---------- Records
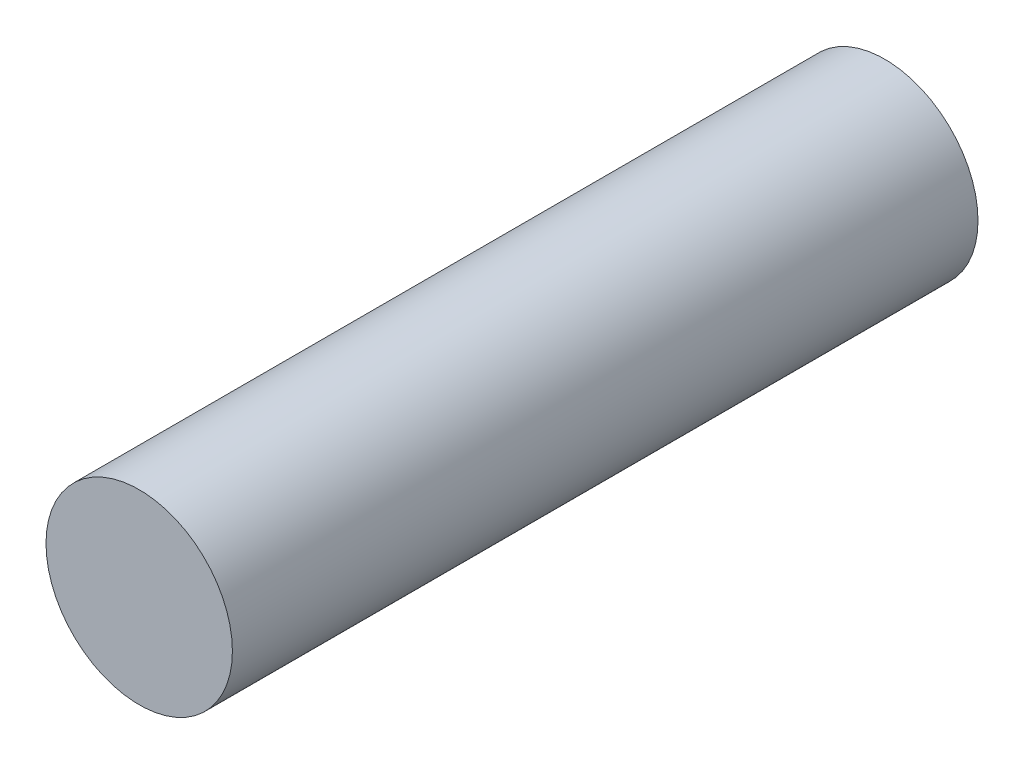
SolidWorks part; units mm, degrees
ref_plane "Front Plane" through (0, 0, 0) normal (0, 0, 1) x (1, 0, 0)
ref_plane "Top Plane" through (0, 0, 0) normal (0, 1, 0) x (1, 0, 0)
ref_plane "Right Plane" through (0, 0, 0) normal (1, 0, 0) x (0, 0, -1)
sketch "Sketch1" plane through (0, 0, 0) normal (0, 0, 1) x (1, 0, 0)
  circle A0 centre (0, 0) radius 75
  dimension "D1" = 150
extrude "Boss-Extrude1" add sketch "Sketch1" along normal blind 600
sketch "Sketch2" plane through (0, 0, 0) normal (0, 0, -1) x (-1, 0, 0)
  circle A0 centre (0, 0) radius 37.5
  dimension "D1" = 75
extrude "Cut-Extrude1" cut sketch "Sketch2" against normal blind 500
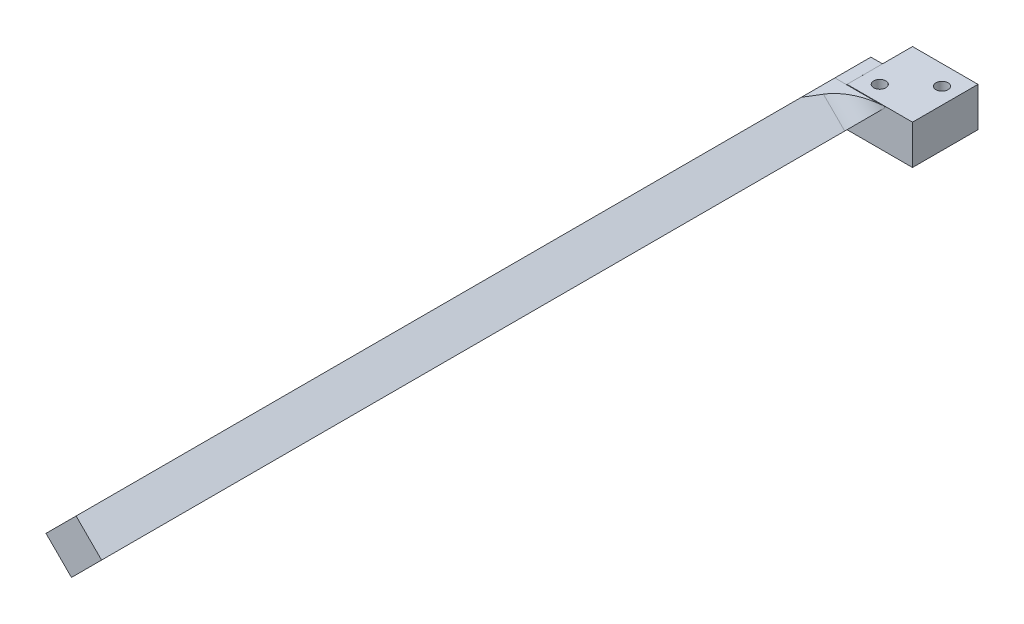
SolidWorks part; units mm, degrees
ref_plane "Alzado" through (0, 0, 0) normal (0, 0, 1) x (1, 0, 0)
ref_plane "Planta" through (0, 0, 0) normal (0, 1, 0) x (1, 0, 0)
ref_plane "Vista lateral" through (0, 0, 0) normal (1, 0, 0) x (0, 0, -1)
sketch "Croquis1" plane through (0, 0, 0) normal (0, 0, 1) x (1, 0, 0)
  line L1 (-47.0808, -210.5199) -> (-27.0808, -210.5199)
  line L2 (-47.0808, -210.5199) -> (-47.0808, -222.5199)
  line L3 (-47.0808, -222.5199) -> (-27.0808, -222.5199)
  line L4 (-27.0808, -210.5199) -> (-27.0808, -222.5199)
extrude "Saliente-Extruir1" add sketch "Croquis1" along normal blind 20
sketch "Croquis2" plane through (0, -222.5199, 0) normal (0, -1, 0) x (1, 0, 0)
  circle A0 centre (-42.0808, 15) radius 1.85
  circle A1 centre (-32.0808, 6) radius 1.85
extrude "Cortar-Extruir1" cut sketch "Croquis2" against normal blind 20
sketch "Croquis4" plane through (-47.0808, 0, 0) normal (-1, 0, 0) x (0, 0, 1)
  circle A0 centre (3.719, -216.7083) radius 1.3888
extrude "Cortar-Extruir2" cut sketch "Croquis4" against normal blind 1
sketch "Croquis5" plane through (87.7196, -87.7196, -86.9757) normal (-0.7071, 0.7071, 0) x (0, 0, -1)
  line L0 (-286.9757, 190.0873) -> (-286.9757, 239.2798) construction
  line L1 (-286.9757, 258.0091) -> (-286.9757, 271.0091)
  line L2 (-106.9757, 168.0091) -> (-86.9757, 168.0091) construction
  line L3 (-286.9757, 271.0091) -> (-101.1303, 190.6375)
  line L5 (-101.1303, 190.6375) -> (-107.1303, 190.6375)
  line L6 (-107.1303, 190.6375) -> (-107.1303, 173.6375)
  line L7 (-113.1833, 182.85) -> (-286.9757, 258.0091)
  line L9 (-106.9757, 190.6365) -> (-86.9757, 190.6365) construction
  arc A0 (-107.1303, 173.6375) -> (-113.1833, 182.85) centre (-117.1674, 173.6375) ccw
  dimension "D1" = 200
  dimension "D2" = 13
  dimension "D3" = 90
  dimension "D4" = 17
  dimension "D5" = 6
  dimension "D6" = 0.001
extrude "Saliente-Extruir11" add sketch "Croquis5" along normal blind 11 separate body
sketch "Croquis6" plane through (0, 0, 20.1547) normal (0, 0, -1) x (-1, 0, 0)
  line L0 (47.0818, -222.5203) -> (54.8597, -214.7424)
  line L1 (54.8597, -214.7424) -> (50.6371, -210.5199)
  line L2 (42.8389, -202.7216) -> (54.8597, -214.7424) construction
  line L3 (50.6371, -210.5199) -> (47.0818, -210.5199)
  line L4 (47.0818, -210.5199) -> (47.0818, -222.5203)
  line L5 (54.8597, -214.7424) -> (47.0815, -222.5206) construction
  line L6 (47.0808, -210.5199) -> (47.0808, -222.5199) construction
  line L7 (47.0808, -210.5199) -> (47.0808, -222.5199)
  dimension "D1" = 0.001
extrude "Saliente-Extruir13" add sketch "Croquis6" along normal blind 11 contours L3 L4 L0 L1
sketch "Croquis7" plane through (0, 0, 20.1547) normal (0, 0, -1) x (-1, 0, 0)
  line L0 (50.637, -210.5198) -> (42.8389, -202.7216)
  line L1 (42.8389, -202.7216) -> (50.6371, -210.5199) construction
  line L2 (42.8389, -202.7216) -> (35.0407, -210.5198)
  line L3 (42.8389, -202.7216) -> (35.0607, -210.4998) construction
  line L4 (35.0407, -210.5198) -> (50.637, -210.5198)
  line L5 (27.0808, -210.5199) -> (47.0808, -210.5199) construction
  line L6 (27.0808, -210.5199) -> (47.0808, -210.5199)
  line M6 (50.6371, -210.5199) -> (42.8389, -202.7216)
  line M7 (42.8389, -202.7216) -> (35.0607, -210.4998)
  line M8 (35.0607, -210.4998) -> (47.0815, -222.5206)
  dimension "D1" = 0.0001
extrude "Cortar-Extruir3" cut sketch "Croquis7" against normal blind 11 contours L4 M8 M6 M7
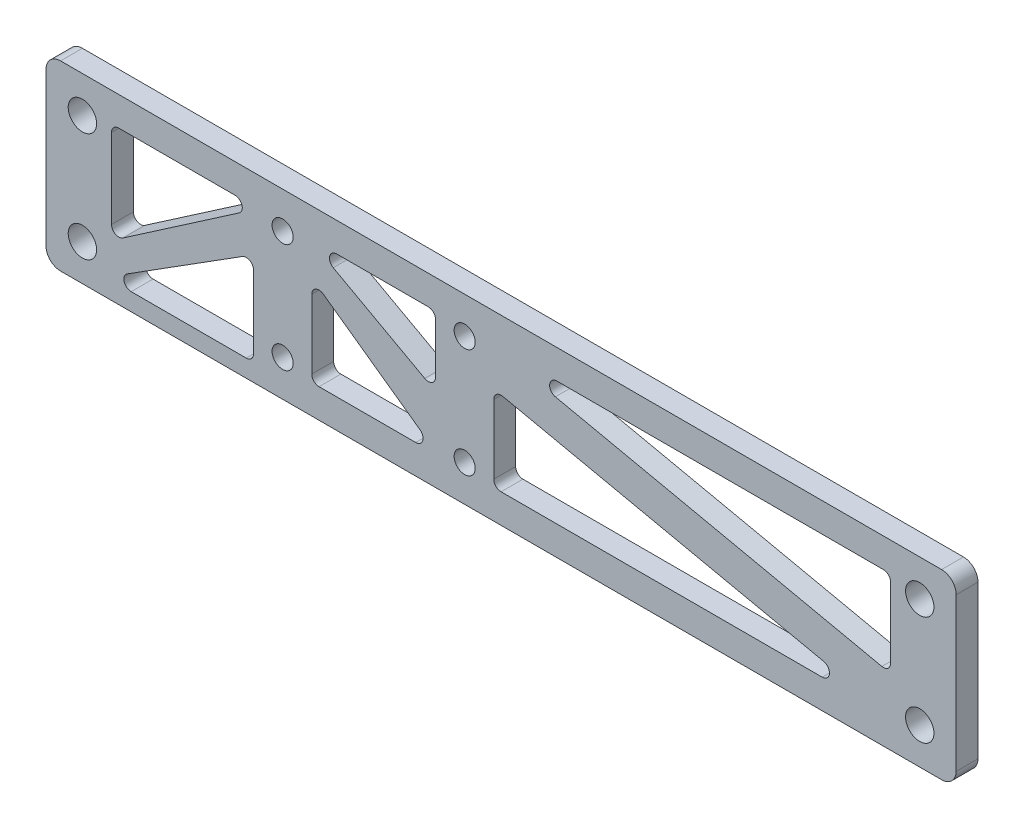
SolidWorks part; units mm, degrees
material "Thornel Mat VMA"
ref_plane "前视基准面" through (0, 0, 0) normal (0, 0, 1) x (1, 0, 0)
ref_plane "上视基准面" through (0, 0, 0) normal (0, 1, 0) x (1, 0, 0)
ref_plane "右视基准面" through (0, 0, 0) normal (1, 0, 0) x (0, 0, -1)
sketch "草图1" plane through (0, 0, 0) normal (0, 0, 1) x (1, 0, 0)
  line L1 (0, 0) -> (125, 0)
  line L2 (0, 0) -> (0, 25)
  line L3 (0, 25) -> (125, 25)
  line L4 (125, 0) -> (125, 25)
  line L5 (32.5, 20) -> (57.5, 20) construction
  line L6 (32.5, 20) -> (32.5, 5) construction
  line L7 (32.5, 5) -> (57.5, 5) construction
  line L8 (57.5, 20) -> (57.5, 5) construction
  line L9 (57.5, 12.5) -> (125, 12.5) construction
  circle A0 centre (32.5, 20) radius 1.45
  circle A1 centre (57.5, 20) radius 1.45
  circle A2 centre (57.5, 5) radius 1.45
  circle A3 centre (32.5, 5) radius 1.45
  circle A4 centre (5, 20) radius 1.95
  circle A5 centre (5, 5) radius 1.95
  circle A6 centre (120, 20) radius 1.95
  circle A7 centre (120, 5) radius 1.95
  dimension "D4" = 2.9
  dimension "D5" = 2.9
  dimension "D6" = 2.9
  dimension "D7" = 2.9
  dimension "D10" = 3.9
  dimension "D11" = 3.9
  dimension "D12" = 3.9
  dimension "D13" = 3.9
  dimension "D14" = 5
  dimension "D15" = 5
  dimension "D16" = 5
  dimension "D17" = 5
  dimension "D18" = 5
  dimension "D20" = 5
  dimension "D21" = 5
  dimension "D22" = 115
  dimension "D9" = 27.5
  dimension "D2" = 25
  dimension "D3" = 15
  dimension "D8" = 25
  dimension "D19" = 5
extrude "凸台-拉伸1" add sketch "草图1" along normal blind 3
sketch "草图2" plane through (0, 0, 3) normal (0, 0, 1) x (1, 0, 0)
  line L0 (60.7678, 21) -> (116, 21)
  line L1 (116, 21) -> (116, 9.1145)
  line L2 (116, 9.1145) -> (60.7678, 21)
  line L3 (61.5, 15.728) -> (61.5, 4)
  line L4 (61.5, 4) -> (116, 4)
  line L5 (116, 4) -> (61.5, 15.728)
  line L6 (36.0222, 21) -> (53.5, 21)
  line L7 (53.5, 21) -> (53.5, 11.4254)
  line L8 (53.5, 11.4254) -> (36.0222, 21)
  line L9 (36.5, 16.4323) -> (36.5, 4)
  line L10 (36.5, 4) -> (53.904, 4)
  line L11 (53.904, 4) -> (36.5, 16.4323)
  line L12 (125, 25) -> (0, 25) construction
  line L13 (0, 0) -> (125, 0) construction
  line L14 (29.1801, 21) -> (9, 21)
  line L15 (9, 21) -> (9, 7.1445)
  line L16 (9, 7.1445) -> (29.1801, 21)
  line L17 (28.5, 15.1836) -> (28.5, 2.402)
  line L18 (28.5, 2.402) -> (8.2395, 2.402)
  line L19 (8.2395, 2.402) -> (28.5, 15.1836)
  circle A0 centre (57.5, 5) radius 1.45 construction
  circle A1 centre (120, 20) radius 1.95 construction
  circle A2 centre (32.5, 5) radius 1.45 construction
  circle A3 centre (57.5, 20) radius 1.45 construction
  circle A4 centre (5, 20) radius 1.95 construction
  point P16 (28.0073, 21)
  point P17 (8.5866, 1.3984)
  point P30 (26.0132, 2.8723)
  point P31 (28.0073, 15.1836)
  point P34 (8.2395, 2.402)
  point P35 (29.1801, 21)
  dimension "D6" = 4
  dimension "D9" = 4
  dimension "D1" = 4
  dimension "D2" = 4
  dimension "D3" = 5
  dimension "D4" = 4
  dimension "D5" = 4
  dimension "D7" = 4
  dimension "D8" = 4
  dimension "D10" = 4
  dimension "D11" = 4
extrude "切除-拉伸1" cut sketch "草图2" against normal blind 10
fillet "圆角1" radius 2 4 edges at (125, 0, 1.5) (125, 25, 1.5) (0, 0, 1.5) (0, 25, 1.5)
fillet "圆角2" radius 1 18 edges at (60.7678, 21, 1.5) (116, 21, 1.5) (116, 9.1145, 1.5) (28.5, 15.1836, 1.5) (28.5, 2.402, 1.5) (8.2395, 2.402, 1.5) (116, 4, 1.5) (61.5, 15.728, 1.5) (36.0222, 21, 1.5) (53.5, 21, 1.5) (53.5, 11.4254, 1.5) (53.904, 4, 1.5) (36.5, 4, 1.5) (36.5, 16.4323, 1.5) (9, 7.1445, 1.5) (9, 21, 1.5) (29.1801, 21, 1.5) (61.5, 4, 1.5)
--------------------
◆ Activity ◆
For the word "contours", say how many lines of the listing include it; give nothing but the number.

◆ Written solution ◆
2